* [Input records]:

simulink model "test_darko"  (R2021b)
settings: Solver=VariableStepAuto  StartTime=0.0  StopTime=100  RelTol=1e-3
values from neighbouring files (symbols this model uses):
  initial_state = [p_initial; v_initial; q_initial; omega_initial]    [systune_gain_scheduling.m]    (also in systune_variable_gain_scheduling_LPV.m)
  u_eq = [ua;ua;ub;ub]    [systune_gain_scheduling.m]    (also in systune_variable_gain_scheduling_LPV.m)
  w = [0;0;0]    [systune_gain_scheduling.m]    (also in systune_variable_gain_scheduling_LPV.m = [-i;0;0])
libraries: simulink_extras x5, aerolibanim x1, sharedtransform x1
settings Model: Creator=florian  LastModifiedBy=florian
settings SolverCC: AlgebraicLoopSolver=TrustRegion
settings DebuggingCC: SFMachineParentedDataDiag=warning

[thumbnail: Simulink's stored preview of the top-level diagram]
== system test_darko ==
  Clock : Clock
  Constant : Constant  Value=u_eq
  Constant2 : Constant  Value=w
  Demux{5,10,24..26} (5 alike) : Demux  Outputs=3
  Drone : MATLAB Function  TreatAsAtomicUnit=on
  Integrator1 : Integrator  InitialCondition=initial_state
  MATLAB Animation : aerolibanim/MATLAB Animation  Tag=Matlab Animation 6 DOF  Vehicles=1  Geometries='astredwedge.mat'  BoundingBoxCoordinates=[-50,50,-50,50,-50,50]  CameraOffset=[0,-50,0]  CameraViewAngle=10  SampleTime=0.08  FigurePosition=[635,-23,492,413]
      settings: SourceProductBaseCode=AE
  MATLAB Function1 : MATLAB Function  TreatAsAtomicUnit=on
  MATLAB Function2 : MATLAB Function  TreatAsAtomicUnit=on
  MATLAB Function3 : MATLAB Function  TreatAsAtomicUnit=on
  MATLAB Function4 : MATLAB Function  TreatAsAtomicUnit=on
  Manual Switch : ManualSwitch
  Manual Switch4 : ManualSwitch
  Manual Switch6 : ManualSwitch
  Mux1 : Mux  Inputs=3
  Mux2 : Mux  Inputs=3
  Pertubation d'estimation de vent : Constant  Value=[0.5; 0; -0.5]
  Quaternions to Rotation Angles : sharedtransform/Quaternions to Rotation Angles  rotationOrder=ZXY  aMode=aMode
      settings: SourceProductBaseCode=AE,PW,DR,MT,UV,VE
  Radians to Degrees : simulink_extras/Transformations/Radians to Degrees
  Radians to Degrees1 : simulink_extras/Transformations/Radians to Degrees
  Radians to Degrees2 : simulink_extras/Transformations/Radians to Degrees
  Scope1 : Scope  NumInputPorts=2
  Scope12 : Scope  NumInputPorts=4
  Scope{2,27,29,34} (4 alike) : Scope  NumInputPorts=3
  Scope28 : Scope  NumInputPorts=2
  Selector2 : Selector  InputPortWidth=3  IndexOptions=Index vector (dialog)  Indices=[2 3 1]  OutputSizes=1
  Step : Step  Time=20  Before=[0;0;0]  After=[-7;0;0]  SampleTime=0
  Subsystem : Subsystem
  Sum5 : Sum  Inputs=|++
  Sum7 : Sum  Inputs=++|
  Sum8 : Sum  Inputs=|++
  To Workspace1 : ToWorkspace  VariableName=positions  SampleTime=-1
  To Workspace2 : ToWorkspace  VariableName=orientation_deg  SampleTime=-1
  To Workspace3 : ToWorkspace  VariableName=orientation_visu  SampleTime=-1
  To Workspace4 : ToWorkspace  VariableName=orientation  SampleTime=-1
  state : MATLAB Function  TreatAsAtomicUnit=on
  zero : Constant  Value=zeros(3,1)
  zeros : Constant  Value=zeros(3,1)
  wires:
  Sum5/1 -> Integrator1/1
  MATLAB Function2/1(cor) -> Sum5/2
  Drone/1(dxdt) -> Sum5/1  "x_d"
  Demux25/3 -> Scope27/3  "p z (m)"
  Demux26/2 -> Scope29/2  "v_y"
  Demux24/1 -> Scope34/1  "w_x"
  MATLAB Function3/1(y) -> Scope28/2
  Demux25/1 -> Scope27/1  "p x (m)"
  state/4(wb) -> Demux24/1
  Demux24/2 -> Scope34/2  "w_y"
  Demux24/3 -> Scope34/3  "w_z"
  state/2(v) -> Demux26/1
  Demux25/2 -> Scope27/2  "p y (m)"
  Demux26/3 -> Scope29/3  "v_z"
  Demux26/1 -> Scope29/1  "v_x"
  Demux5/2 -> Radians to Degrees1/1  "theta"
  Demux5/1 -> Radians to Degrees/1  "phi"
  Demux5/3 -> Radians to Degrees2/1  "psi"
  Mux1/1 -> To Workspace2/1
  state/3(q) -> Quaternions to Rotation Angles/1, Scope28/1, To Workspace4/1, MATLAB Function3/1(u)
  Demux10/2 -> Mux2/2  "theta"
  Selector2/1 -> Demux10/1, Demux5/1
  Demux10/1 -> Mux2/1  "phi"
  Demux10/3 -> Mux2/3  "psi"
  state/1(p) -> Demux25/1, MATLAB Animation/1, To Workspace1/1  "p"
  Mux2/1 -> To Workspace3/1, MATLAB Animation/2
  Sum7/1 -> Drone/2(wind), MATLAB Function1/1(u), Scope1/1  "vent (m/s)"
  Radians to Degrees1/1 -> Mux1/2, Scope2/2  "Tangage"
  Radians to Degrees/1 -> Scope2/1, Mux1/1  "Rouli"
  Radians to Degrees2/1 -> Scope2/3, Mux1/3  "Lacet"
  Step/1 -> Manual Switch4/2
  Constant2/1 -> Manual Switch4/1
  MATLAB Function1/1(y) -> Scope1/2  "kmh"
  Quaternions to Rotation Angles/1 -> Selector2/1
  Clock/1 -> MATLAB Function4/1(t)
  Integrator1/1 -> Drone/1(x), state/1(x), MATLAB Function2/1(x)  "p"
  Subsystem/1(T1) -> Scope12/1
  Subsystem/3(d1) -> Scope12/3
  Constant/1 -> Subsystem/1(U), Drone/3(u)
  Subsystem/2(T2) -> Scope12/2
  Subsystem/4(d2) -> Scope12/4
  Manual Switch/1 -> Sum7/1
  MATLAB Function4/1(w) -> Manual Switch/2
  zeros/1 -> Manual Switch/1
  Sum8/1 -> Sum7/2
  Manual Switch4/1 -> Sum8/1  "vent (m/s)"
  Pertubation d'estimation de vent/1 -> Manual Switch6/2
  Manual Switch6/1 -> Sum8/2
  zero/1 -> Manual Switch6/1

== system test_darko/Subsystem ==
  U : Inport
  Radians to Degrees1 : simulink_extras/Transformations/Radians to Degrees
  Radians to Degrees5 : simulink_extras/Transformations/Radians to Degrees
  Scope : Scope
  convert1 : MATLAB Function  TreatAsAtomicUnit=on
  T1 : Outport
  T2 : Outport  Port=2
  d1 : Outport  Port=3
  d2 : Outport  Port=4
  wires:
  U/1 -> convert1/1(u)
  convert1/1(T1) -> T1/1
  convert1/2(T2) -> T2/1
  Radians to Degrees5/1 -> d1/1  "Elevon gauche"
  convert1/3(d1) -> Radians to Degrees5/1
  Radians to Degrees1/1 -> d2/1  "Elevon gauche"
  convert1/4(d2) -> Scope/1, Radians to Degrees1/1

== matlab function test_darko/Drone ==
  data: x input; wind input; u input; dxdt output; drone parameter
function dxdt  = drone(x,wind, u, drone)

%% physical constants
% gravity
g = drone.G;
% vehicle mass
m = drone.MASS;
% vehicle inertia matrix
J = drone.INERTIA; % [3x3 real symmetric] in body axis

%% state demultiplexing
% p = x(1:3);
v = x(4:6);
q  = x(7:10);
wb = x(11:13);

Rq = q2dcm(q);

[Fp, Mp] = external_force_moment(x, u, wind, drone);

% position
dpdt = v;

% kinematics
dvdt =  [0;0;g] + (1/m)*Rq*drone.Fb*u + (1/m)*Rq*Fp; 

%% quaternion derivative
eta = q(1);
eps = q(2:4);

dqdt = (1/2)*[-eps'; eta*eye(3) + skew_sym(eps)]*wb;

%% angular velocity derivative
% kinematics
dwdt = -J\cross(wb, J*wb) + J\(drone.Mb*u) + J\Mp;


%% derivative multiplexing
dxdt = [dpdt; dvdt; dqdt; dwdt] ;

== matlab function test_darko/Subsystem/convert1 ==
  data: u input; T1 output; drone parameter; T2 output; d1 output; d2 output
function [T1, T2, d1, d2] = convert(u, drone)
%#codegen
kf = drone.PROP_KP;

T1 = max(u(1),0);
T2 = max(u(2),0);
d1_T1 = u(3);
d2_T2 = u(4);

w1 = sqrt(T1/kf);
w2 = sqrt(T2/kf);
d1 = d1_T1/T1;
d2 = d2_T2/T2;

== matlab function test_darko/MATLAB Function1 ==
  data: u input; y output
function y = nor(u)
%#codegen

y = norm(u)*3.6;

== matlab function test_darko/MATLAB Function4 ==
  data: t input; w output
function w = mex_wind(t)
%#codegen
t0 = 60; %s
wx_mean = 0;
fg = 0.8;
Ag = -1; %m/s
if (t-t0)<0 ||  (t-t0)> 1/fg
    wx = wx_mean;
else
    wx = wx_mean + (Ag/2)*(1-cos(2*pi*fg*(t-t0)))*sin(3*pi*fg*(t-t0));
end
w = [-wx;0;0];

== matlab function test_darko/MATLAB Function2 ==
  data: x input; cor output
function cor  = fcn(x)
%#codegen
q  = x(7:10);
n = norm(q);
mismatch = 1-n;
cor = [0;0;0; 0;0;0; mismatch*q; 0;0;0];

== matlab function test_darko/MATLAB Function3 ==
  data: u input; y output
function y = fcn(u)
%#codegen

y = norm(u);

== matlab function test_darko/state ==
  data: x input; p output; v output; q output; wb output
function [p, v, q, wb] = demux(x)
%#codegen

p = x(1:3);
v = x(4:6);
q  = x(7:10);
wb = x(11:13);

* [What you are asked to do]: Please copy, word for word, every line from the first line of the records through the line containing "u_eq = [ua;ua;ub;ub]", with both of those lines included and nothing else.

* [Output for this exercise]:
simulink model "test_darko"  (R2021b)
settings: Solver=VariableStepAuto  StartTime=0.0  StopTime=100  RelTol=1e-3
values from neighbouring files (symbols this model uses):
  initial_state = [p_initial; v_initial; q_initial; omega_initial]    [systune_gain_scheduling.m]    (also in systune_variable_gain_scheduling_LPV.m)
  u_eq = [ua;ua;ub;ub]    [systune_gain_scheduling.m]    (also in systune_variable_gain_scheduling_LPV.m)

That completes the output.